(Items from a data source)

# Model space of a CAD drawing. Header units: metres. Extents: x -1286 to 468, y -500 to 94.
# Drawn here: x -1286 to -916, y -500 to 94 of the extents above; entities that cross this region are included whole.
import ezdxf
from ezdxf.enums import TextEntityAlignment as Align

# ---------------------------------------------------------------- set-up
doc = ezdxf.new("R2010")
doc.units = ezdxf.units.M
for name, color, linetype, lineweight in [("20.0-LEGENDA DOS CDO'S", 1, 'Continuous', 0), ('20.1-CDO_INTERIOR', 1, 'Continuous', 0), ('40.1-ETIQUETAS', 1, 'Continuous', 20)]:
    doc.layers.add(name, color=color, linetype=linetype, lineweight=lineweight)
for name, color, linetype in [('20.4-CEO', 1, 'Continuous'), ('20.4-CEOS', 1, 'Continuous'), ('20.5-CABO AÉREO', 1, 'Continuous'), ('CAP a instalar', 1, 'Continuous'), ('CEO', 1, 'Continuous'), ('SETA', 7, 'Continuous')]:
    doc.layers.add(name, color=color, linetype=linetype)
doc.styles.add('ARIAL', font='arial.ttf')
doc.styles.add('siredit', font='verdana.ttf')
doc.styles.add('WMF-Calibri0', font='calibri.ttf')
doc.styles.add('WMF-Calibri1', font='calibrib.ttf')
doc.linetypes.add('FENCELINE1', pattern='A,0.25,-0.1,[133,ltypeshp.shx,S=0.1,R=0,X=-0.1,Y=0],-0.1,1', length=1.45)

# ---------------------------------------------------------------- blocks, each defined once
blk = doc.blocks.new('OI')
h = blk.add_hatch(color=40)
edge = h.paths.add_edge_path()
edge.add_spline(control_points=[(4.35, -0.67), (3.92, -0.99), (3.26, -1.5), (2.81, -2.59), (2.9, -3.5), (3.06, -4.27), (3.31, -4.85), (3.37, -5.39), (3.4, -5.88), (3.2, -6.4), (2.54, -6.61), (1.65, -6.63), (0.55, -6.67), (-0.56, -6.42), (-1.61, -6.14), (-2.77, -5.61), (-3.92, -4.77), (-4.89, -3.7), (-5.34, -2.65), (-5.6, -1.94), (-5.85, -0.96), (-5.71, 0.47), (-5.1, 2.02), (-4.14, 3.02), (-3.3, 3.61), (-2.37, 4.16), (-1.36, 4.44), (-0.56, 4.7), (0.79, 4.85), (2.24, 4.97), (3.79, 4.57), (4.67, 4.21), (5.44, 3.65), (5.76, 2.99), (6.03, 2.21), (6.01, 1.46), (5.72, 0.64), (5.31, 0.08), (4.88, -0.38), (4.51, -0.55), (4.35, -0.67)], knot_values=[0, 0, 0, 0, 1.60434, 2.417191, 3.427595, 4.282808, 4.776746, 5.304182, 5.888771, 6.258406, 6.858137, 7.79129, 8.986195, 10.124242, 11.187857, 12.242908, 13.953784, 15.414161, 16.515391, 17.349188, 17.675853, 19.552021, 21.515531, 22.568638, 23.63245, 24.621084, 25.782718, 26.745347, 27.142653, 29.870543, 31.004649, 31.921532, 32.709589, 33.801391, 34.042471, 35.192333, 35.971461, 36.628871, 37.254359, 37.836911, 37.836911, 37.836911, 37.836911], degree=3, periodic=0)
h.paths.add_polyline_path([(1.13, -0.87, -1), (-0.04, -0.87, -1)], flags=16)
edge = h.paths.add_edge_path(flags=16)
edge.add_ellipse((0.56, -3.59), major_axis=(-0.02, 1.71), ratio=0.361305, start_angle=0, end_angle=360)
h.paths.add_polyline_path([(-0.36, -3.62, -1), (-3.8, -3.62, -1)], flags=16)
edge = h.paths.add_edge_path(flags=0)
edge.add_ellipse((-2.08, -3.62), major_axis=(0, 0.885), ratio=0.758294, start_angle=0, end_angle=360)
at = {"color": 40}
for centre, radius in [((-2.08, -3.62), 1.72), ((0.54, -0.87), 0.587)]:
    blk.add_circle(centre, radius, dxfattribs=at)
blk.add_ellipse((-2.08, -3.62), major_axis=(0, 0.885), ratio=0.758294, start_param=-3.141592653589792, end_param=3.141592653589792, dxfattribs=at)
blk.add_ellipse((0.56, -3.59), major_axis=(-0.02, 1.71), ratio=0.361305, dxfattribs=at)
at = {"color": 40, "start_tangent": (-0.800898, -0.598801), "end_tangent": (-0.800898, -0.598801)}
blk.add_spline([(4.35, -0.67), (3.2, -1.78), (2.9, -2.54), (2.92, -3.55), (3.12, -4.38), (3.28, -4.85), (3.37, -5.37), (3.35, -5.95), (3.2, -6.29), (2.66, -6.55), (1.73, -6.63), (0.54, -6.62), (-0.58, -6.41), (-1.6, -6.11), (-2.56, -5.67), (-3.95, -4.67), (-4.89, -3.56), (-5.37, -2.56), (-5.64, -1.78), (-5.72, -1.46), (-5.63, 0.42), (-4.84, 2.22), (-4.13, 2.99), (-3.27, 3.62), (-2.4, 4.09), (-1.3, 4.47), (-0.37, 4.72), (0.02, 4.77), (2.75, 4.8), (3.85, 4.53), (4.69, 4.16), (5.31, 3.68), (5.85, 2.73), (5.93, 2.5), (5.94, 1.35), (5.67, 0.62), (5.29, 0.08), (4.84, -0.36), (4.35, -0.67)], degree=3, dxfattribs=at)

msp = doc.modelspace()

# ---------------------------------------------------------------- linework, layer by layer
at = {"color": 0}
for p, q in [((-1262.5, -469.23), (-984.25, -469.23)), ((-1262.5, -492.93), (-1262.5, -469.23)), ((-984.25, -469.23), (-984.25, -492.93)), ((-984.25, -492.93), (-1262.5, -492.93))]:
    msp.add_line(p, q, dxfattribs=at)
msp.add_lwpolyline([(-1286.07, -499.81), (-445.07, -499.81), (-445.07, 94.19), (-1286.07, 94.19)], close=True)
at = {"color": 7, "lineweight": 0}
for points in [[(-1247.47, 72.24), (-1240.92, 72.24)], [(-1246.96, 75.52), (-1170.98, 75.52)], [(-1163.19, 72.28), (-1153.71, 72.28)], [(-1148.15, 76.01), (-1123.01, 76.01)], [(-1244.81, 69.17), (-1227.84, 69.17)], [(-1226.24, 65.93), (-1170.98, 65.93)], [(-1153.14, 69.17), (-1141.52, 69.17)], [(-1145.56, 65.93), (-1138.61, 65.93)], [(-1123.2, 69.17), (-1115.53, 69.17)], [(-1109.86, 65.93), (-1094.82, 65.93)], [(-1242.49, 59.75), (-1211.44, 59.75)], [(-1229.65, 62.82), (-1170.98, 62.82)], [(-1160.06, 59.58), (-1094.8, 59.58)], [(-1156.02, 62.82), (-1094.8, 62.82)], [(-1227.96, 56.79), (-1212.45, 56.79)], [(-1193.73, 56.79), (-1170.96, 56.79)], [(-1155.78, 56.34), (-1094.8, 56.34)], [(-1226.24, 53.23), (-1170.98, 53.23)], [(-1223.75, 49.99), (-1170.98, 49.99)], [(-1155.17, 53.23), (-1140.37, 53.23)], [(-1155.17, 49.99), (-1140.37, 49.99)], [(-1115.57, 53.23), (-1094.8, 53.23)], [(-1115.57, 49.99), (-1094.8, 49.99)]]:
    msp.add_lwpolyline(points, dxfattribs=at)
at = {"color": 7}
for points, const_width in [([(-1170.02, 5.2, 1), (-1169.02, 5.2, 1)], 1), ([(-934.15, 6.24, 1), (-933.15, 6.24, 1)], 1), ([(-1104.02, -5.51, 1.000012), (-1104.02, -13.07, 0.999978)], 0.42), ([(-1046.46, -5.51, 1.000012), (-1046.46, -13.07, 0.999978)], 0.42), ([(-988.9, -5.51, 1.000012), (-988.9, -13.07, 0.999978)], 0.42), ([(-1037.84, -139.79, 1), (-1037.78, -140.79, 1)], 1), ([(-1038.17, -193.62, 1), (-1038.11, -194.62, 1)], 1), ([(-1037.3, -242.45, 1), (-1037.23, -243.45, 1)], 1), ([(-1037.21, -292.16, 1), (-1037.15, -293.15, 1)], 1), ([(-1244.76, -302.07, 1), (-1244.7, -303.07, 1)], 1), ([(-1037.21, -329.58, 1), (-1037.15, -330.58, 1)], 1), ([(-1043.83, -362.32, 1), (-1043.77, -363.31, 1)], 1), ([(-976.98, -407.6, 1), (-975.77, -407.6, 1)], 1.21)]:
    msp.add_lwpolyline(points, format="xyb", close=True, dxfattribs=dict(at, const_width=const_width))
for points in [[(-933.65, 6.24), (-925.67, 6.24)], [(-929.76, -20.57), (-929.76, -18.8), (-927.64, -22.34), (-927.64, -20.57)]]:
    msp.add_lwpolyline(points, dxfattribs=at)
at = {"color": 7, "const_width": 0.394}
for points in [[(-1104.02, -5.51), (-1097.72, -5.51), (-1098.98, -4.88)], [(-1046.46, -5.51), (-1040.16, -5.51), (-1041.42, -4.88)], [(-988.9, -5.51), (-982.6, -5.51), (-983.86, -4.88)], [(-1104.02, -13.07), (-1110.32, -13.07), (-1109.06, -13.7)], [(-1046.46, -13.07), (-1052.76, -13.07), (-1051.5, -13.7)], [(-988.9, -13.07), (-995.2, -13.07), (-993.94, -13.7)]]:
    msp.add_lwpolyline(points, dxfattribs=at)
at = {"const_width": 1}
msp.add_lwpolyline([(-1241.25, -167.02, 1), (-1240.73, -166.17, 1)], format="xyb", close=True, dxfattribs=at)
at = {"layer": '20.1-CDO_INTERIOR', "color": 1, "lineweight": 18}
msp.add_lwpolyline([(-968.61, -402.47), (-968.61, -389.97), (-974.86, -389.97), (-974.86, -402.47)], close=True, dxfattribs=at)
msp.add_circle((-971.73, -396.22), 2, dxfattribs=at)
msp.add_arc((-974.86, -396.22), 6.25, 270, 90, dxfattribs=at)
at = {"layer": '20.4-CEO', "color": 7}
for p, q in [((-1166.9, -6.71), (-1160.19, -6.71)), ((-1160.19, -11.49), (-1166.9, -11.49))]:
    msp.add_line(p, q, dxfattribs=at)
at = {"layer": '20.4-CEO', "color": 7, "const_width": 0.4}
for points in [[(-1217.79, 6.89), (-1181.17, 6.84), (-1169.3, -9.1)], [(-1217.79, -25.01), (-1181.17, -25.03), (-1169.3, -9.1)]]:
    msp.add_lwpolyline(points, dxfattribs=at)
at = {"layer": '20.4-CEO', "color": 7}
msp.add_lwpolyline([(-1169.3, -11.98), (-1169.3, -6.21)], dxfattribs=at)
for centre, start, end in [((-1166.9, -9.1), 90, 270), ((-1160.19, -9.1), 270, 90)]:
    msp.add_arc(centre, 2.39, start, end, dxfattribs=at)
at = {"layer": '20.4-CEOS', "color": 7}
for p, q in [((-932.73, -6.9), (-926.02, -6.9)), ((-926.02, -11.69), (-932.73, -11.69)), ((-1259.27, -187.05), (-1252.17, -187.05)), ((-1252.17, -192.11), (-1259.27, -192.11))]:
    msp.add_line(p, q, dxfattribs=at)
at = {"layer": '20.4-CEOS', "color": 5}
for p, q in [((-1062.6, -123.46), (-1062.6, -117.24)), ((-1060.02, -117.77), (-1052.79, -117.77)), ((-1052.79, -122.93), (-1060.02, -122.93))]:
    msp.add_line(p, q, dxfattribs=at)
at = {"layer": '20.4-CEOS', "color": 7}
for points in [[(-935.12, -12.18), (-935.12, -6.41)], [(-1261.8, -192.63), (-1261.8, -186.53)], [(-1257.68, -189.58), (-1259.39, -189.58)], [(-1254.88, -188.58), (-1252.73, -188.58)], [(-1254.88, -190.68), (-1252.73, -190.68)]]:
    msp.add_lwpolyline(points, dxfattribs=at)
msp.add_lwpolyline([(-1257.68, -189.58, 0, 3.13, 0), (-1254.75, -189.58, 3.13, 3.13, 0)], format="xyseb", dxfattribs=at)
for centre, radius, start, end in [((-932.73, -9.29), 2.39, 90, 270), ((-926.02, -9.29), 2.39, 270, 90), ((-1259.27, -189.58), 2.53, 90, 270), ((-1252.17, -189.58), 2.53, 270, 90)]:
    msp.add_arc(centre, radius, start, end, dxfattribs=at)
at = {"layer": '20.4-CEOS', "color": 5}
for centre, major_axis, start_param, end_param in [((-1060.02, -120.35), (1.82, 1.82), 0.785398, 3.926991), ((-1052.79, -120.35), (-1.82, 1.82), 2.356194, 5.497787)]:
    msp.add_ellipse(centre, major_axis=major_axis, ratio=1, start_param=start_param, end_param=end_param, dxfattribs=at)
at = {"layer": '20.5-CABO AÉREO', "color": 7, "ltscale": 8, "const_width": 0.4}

Directions -
All lines from the start of the entries through the line where "from ezdxf.enums import" sits should be duplicated exactly, with nothing else in the output.

Response area -
# Model space of a CAD drawing. Header units: metres. Extents: x -1286 to 468, y -500 to 94.
# Drawn here: x -1286 to -916, y -500 to 94 of the extents above; entities that cross this region are included whole.
import ezdxf
from ezdxf.enums import TextEntityAlignment as Align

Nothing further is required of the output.